2026年2月10日、日本国環境省とインドネシア共和国食料担当調整府は、インドネシア共和国・ジャカルタにて、日本・インドネシア第8回廃棄物合同委員会を開催した。2026年2月11日には、西ジャワ州バンドンにて、日本国環境省、JICA(国際協力機構)、IFC(国際金融公社)が共同で支援している「レゴックナンカ廃棄物発電PPP事業」について、西ジャワ州主催のセレモニーが開催され、日本国環境省からは土居地球環境審議官が出席した。

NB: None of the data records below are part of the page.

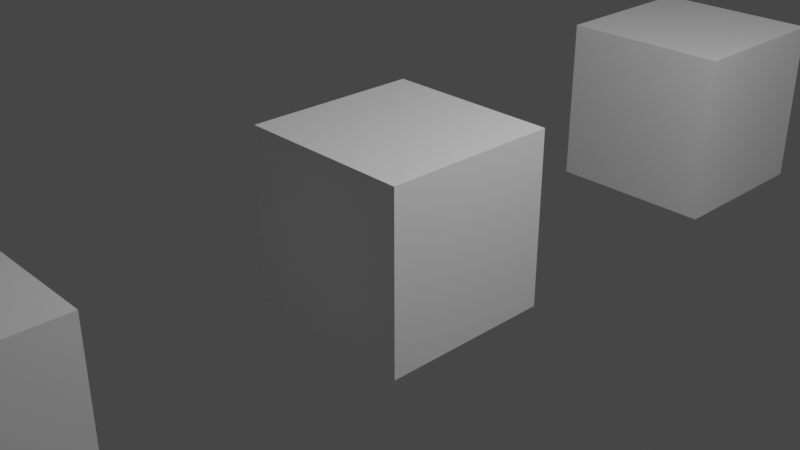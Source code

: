 # Source: cube_linked_with_customer_properties.blend  (saved by Blender 2.83.19; exported with 4.5.12 LTS)
import bpy
from mathutils import Matrix  # noqa: F401  (used for matrix-valued properties, if any)

bpy.ops.wm.read_factory_settings(use_empty=True)
scene = bpy.context.scene
scene.name = 'Scene'

# ---- collections
col_collection = bpy.data.collections.new('Collection'); scene.collection.children.link(col_collection)

# ---- materials (node trees are filled in below, after node groups)
mat_material = bpy.data.materials.new('Material')
mat_material.alpha_threshold = 0.0
mat_material.use_transparent_shadow = False
mat_material.line_color = (0.0, 0.0, 0.0, 1.0)

# ---- material node trees
mat_material.use_nodes = True; mat_material.node_tree.nodes.clear()
_N = mat_material.node_tree.nodes; _L = mat_material.node_tree.links
n0 = _N.new('ShaderNodeOutputMaterial'); n0.name = 'Material Output'; n0.location = (300, 300)
n1 = _N.new('ShaderNodeBsdfPrincipled'); n1.name = 'Principled BSDF'; n1.location = (10, 300)
n1.distribution = 'GGX'
n1.subsurface_method = 'BURLEY'
n1.inputs[2].default_value = 0.4
n1.inputs[3].default_value = 1.45
n1.inputs[27].default_value = (0.0, 0.0, 0.0, 1.0)
n1.inputs[28].default_value = 1.0
_L.new(n1.outputs[0], n0.inputs[0])
n0.is_active_output = True

# ---- world
world_world = bpy.data.worlds.new('World'); scene.world = world_world
world_world.use_nodes = True; world_world.node_tree.nodes.clear()
_N = world_world.node_tree.nodes; _L = world_world.node_tree.links
n0 = _N.new('ShaderNodeOutputWorld'); n0.name = 'World Output'; n0.location = (300, 300)
n1 = _N.new('ShaderNodeBackground'); n1.name = 'Background'; n1.location = (10, 300)
n1.inputs[0].default_value = (0.05088, 0.05088, 0.05088, 1.0)
_L.new(n1.outputs[0], n0.inputs[0])
n0.is_active_output = True
world_world.color = (0.05088, 0.05088, 0.05088)
world_world.use_sun_shadow = False
world_world.sun_shadow_jitter_overblur = 0.0

# ---- cameras
cam_camera = bpy.data.cameras.new('Camera')
cam_camera.clip_end = 100.0
cam_camera.ortho_scale = 7.314

# ---- lights
light_light = bpy.data.lights.new('Light', 'POINT')
light_light.transmission_factor = 0.0
light_light.energy = 1000.0
light_light.shadow_soft_size = 0.1
light_light.shadow_maximum_resolution = 0.006
light_light.use_absolute_resolution = True

# ---- meshes
me_cube = bpy.data.meshes.new('Cube')
me_cube.from_pydata([(1.0, 1.0, 1.0), (1.0, 1.0, -1.0), (1.0, -1.0, 1.0), (1.0, -1.0, -1.0), (-1.0, 1.0, 1.0), (-1.0, 1.0, -1.0), (-1.0, -1.0, 1.0), (-1.0, -1.0, -1.0)], [], [(0, 4, 6, 2), (3, 2, 6, 7), (7, 6, 4, 5), (5, 1, 3, 7), (1, 0, 2, 3), (5, 4, 0, 1)])
_uv = me_cube.uv_layers.new(name='UVMap')
_uv.uv.foreach_set('vector', [0.625, 0.5, 0.875, 0.5, 0.875, 0.75, 0.625, 0.75, 0.375, 0.75, 0.625, 0.75, 0.625, 1.0, 0.375, 1.0, 0.375, 0.0, 0.625, 0.0, 0.625, 0.25, 0.375, 0.25, 0.125, 0.5, 0.375, 0.5, 0.375, 0.75, 0.125, 0.75, 0.375, 0.5, 0.625, 0.5, 0.625, 0.75, 0.375, 0.75, 0.375, 0.25, 0.625, 0.25, 0.625, 0.5, 0.375, 0.5])
me_cube.materials.append(mat_material)
me_cube.use_remesh_preserve_volume = False
me_cube.use_remesh_preserve_attributes = False
me_cube.use_mirror_vertex_groups = False
me_cube.update()

# ---- objects
ob_cube = bpy.data.objects.new('Cube', me_cube)
ob_light = bpy.data.objects.new('Light', light_light)
ob_camera = bpy.data.objects.new('Camera', cam_camera)
ob_cube_001 = bpy.data.objects.new('Cube.001', me_cube)
ob_cube_002 = bpy.data.objects.new('Cube.002', me_cube)

# ---- transforms, parenting, visibility, modifiers, constraints
ob_cube.location = (0.0, 0.0, 0.0)
ob_cube.lock_rotations_4d = False
ob_cube.empty_display_type = 'ARROWS'
ob_cube.lineart.crease_threshold = 0.0
ob_light.location = (4.076, 1.005, 5.904)
ob_light.rotation_euler = (0.6503, 0.05522, 1.866)
ob_light.lock_rotations_4d = False
ob_light.empty_display_type = 'ARROWS'
ob_light.color = (0.0, 0.0, 0.0, 0.0)
ob_light.lineart.crease_threshold = 0.0
ob_camera.location = (7.359, -6.926, 4.958)
ob_camera.rotation_euler = (1.109, 0.0, 0.8149)
ob_camera.lock_rotations_4d = False
ob_camera.empty_display_type = 'ARROWS'
ob_camera.color = (0.0, 0.0, 0.0, 0.0)
ob_camera.display_type = 'WIRE'
ob_camera.lineart.crease_threshold = 0.0
ob_cube_001.location = (0.0, 5.0, 0.0)
ob_cube_001.lock_rotations_4d = False
ob_cube_001.empty_display_type = 'ARROWS'
ob_cube_001.lineart.crease_threshold = 0.0
ob_cube_002.location = (0.0, -5.0, 0.0)
ob_cube_002.lock_rotations_4d = False
ob_cube_002.empty_display_type = 'ARROWS'
ob_cube_002.lineart.crease_threshold = 0.0

# ---- collection membership
col_collection.objects.link(ob_cube)
col_collection.objects.link(ob_light)
col_collection.objects.link(ob_camera)
col_collection.objects.link(ob_cube_001)
col_collection.objects.link(ob_cube_002)

# ---- scene / render settings (as saved in the file)
scene.camera = ob_camera
scene.frame_start = 1; scene.frame_end = 250; scene.frame_set(1)
scene.render.engine = 'BLENDER_EEVEE_NEXT'
scene.cycles.use_denoising = False
scene.cycles.samples = 128
scene.cycles.sampling_pattern = 'TABULATED_SOBOL'
scene.cycles.use_adaptive_sampling = False
scene.cycles.use_light_tree = False
scene.view_settings.view_transform = 'Filmic'
bpy.context.view_layer.update()

同セレモニーでは、PPA(電力購入契約)の締結に向けて、日本国環境省、JICA、インドネシア国政府関係省庁、西ジャワ州をはじめとする地方政府、及び当該事業の実現に向けて連携するオランダ政府が、レゴックナンカ事業の進捗を歓迎するとともに、今後の協力への期待と、事業のさらなる進展に向けた貢献の意を表明した。
■ 廃棄物処理合同委員会
【経緯】
日本国環境省とインドネシア共和国海洋・投資調整府は、2017 年以降継続的に廃棄物合同委員会を開催してきた。今次委員会は第8回目となり、2024年のプラボウォ政権発足後、初の開催となり、同国における組織改編を踏まえ、廃棄物合同委員会は食料担当調整府との共催で開催された。
【概要】
(1) 開催日時
2026年2月10日(火) 9:45~13:00(現地時間)
(2) 開催場所
インドネシア共和国 ジャカルタ
(3) 主な出席者
(インドネシア側)
・インドネシア共和国
食料担当調整府
環境省
内務省
国家開発計画省
財務省
エネルギー鉱物資源省
・ダナンタラ(政府系投資ファンド) ほか
(日本側)
・日本国環境省 土居地球環境審議官
・在インドネシア日本国大使館
・JICA インドネシア事務所 ほか
【主な議論】
日本インドネシア二国間の廃棄物管理に係るこれまでの協力活動を振り返り、協力活動の進捗状況をもとに、今後の継続的な協力について確認した。議論の概要は以下のとおり。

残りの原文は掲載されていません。